Does SM have more FP units than those "cuda cores"?

Have a compute-intensive cuda kernel that only do 32-bit FP fmad instructions

RTX3070 TI
→ 48 SM
→ 128 CUDA cores / SM
→ Total of 6144 CUDA cores

Interestingly, the result shows that each SM seems to have more FP units that can execute CUDA fmad instructions

I assume each CUDA core executes each different thread’s FP instructions
Therefore, as RTX3070TI has total 6144 cuda cores, I expect that when the total #threads with #blocks exceed 6144, the execution time will double, however, the execution time jumps after 24576 threads. I have other similar kernel that also shows the same number deterministically

(Q) Inside SM, does additional FP execution units exist that execute CUDA fmad instructions ?

Just looking at the numbers,

(128 + x) x 48 = 24576
x = 384 additional FP execution units per SM?

By the way, I found this in the manual

It sounds like each SM has additional 168 FP64 units?
Does this translate into effective 168 x 2 = 336 FP32 execution units?

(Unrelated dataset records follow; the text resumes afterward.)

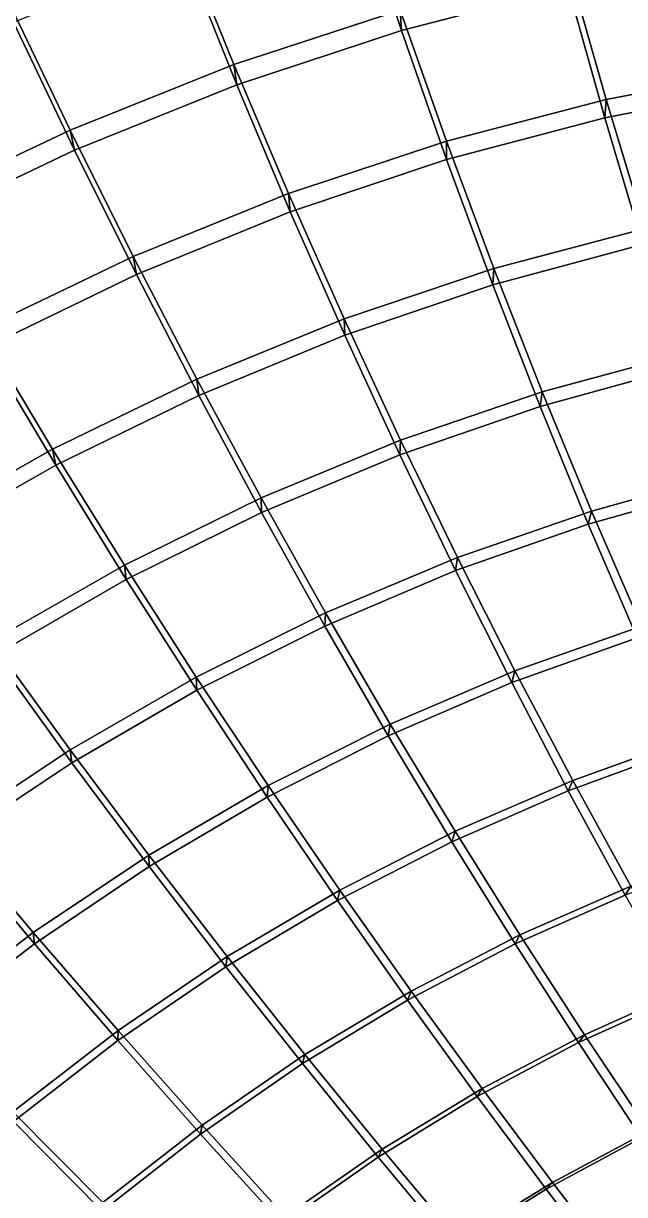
# Model space of a CAD drawing. Header units: metres. Extents: x -2184624 to 1125696, y -1900362 to 1900362.
# Drawn here: x -810806 to -551038, y 756415 to 1262434 of the extents above; entities that cross this region are included whole.
import ezdxf

# ---------------------------------------------------------------- set-up
doc = ezdxf.new("R2010")
doc.units = ezdxf.units.M

msp = doc.modelspace()

# ---------------------------------------------------------------- linework, layer by layer
for points in [[(-647380.4, 1259395, 371826.88), (-666282.2, 1316780.5, 345083.34), (-590482.06, 1336146.6, 338461.44), (-575400.9, 1278090.5, 364510.66)], [(-719840.1, 1244655.4, 399135.47), (-743054.06, 1302046.8, 371979.72), (-667346.2, 1326491.5, 365826.9), (-647945.4, 1268163.8, 392317.56)], [(-666282.2, 1316780.5, 345083.34), (-667346.2, 1326491.5, 365826.9), (-647945.4, 1268163.8, 392317.56), (-647380.4, 1259395, 371826.88)], [(-647380.4, 1259395, 371826.88), (-647945.4, 1268163.8, 392317.56), (-667346.2, 1326491.5, 365826.9), (-666282.2, 1316780.5, 345083.34)], [(-718585.6, 1235919.1, 378837.66), (-741252.7, 1292389.2, 351428.66), (-666282.2, 1316780.5, 345083.34), (-647380.4, 1259395, 371826.88)], [(-790621.1, 1216377.4, 405660.9), (-817575.9, 1272589.5, 377869.5), (-743054.06, 1302046.8, 371979.72), (-719840.1, 1244655.4, 399135.47)], [(-741252.7, 1292389.2, 351428.66), (-743054.06, 1302046.8, 371979.72), (-719840.1, 1244655.4, 399135.47), (-718585.6, 1235919.1, 378837.66)], [(-718585.6, 1235919.1, 378837.66), (-719840.1, 1244655.4, 399135.47), (-743054.06, 1302046.8, 371979.72), (-741252.7, 1292389.2, 351428.66)], [(-559053.75, 1229495.6, 407686.4), (-575264.75, 1286832, 385205.03), (-502133.56, 1300610, 377791.34), (-489698.38, 1242852.6, 399594.72)], [(-788691.9, 1207730.6, 385545.4), (-815052.25, 1263045.2, 357500.25), (-741252.7, 1292389.2, 351428.66), (-718585.6, 1235919.1, 378837.66)], [(-559641.4, 1221640.4, 387212.1), (-575400.9, 1278090.5, 364510.66), (-502978.62, 1291959, 356882.22), (-490953.12, 1235103.1, 378906.66)], [(-627992.94, 1211491.9, 415449.5), (-647945.4, 1268163.8, 392317.56), (-575264.75, 1286832, 385205.03), (-559053.75, 1229495.6, 407686.4)], [(-647380.4, 1259395, 371826.88), (-647945.4, 1268163.8, 392317.56), (-575264.75, 1286832, 385205.03), (-575400.9, 1278090.5, 364510.66)], [(-575400.9, 1278090.5, 364510.66), (-575264.75, 1286832, 385205.03), (-647945.4, 1268163.8, 392317.56), (-647380.4, 1259395, 371826.88)], [(-575400.9, 1278090.5, 364510.66), (-575264.75, 1286832, 385205.03), (-559053.75, 1229495.6, 407686.4), (-559641.4, 1221640.4, 387212.1)], [(-559641.4, 1221640.4, 387212.1), (-559053.75, 1229495.6, 407686.4), (-575264.75, 1286832, 385205.03), (-575400.9, 1278090.5, 364510.66)], [(-627921.8, 1203591.6, 395178.25), (-647380.4, 1259395, 371826.88), (-575400.9, 1278090.5, 364510.66), (-559641.4, 1221640.4, 387212.1)], [(-859966.94, 1183419.9, 411896.2), (-890574.6, 1238215.4, 383497.3), (-817575.9, 1272589.5, 377869.5), (-790621.1, 1216377.4, 405660.9)], [(-815052.25, 1263045.2, 357500.25), (-817575.9, 1272589.5, 377869.5), (-790621.1, 1216377.4, 405660.9), (-788691.9, 1207730.6, 385545.4)], [(-788691.9, 1207730.6, 385545.4), (-790621.1, 1216377.4, 405660.9), (-817575.9, 1272589.5, 377869.5), (-815052.25, 1263045.2, 357500.25)], [(-696198.3, 1188888.5, 422890.12), (-719840.1, 1244655.4, 399135.47), (-647945.4, 1268163.8, 392317.56), (-627992.94, 1211491.9, 415449.5)], [(-718585.6, 1235919.1, 378837.66), (-719840.1, 1244655.4, 399135.47), (-647945.4, 1268163.8, 392317.56), (-647380.4, 1259395, 371826.88)], [(-647380.4, 1259395, 371826.88), (-647945.4, 1268163.8, 392317.56), (-719840.1, 1244655.4, 399135.47), (-718585.6, 1235919.1, 378837.66)], [(-647380.4, 1259395, 371826.88), (-647945.4, 1268163.8, 392317.56), (-627992.94, 1211491.9, 415449.5), (-627921.8, 1203591.6, 395178.25)], [(-627921.8, 1203591.6, 395178.25), (-627992.94, 1211491.9, 415449.5), (-647945.4, 1268163.8, 392317.56), (-647380.4, 1259395, 371826.88)], [(-857380.8, 1174916.6, 391952.75), (-887347.4, 1228841.4, 363299.44), (-815052.25, 1263045.2, 357500.25), (-788691.9, 1207730.6, 385545.4)], [(-695479.8, 1181000.5, 402811.3), (-718585.6, 1235919.1, 378837.66), (-647380.4, 1259395, 371826.88), (-627921.8, 1203591.6, 395178.25)], [(-763356.44, 1161751.2, 430011.75), (-790621.1, 1216377.4, 405660.9), (-719840.1, 1244655.4, 399135.47), (-696198.3, 1188888.5, 422890.12)], [(-788691.9, 1207730.6, 385545.4), (-790621.1, 1216377.4, 405660.9), (-719840.1, 1244655.4, 399135.47), (-718585.6, 1235919.1, 378837.66)], [(-718585.6, 1235919.1, 378837.66), (-719840.1, 1244655.4, 399135.47), (-790621.1, 1216377.4, 405660.9), (-788691.9, 1207730.6, 385545.4)], [(-718585.6, 1235919.1, 378837.66), (-719840.1, 1244655.4, 399135.47), (-696198.3, 1188888.5, 422890.12), (-695479.8, 1181000.5, 402811.3)], [(-695479.8, 1181000.5, 402811.3), (-696198.3, 1188888.5, 422890.12), (-719840.1, 1244655.4, 399135.47), (-718585.6, 1235919.1, 378837.66)], [(-559641.4, 1221640.4, 387212.1), (-559053.75, 1229495.6, 407686.4), (-489698.38, 1242852.6, 399594.72), (-490953.12, 1235103.1, 378906.66)], [(-490953.12, 1235103.1, 378906.66), (-489698.38, 1242852.6, 399594.72), (-559053.75, 1229495.6, 407686.4), (-559641.4, 1221640.4, 387212.1)], [(-542211.8, 1173880.8, 427034.2), (-559053.75, 1229495.6, 407686.4), (-489698.38, 1242852.6, 399594.72), (-476499, 1186831.2, 418313.25)], [(-762005.2, 1153930, 410115.12), (-788691.9, 1207730.6, 385545.4), (-718585.6, 1235919.1, 378837.66), (-695479.8, 1181000.5, 402811.3)], [(-543253.56, 1166847.2, 406751.44), (-559641.4, 1221640.4, 387212.1), (-490953.12, 1235103.1, 378906.66), (-478170.88, 1179918.5, 397818.62)], [(-607539.6, 1156518.6, 435401.06), (-627992.94, 1211491.9, 415449.5), (-559053.75, 1229495.6, 407686.4), (-542211.8, 1173880.8, 427034.2)], [(-627921.8, 1203591.6, 395178.25), (-627992.94, 1211491.9, 415449.5), (-559053.75, 1229495.6, 407686.4), (-559641.4, 1221640.4, 387212.1)], [(-559641.4, 1221640.4, 387212.1), (-559053.75, 1229495.6, 407686.4), (-627992.94, 1211491.9, 415449.5), (-627921.8, 1203591.6, 395178.25)], [(-559641.4, 1221640.4, 387212.1), (-559053.75, 1229495.6, 407686.4), (-542211.8, 1173880.8, 427034.2), (-543253.56, 1166847.2, 406751.44)], [(-543253.56, 1166847.2, 406751.44), (-542211.8, 1173880.8, 427034.2), (-559053.75, 1229495.6, 407686.4), (-559641.4, 1221640.4, 387212.1)], [(-607959.9, 1149422.6, 415319.8), (-627921.8, 1203591.6, 395178.25), (-559641.4, 1221640.4, 387212.1), (-543253.56, 1166847.2, 406751.44)], [(-829162.1, 1130165.5, 436815.4), (-859966.94, 1183419.9, 411896.2), (-790621.1, 1216377.4, 405660.9), (-763356.44, 1161751.2, 430011.75)], [(-857380.8, 1174916.6, 391952.75), (-859966.94, 1183419.9, 411896.2), (-790621.1, 1216377.4, 405660.9), (-788691.9, 1207730.6, 385545.4)], [(-788691.9, 1207730.6, 385545.4), (-790621.1, 1216377.4, 405660.9), (-859966.94, 1183419.9, 411896.2), (-857380.8, 1174916.6, 391952.75)], [(-788691.9, 1207730.6, 385545.4), (-790621.1, 1216377.4, 405660.9), (-763356.44, 1161751.2, 430011.75), (-762005.2, 1153930, 410115.12)], [(-762005.2, 1153930, 410115.12), (-763356.44, 1161751.2, 430011.75), (-790621.1, 1216377.4, 405660.9), (-788691.9, 1207730.6, 385545.4)], [(-672180.1, 1134789, 443420.1), (-696198.3, 1188888.5, 422890.12), (-627992.94, 1211491.9, 415449.5), (-607539.6, 1156518.6, 435401.06)], [(-695479.8, 1181000.5, 402811.3), (-696198.3, 1188888.5, 422890.12), (-627992.94, 1211491.9, 415449.5), (-627921.8, 1203591.6, 395178.25)], [(-627921.8, 1203591.6, 395178.25), (-627992.94, 1211491.9, 415449.5), (-696198.3, 1188888.5, 422890.12), (-695479.8, 1181000.5, 402811.3)], [(-627921.8, 1203591.6, 395178.25), (-627992.94, 1211491.9, 415449.5), (-607539.6, 1156518.6, 435401.06), (-607959.9, 1149422.6, 415319.8)], [(-607959.9, 1149422.6, 415319.8), (-607539.6, 1156518.6, 435401.06), (-627992.94, 1211491.9, 415449.5), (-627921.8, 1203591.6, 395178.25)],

336 is not quite close to 384 I observed, but I’d like to find out if someone could share what’s occuring

Thanks !

There aren’t additional CUDA cores. deviceQuery should accurately identify the number of CUDA cores, i.e. the number of FP32 units. However if you are issuing dependent work, then subsequent FFMA/FMUL/FADD instructions may not issue if there are previous dependencies/results not yet satisfied. If you then increase threads (which to me means issuing independent work, but I acknowledge you’ve not described what you are doing to that extent), then you may well see an increase in throughput. GPUs generally like “more threads” for this reason (latency hiding).

no.

Please read: The 168 units are for GPUs with 84 SMs. 2 per SM.

So your 48 SMs yield 3072 FP32, 3072 mixed FP32/INT32 and 96 FP64 cores.

Or 64 FP32, 64 mixed FP32/INT32 and 2 FP64 per SM.
The FP64 units are shared between the SM partitions, whereas the other units (a quarter each) are specific to one of the 4 SM partitions per SM.

You also get Tensor Cores, which can execute FMA instructions on up to TF32 types (which have 19 bits).
For INT32 you have an additional half core per SM for the uniform datapath (the name core means 1 pipelined instruction per clock bandwidth, half core means 2 clock cycles per math instruction bandwidth). It is mostly used for calculating loop variables and memory offsets, which are the same over the 32 threads of a warp.

FP64, uniform datapath and tensor cores have to be accessed specifically (with different instructions), they do not execute the FP32 or INT32 fmad instructions.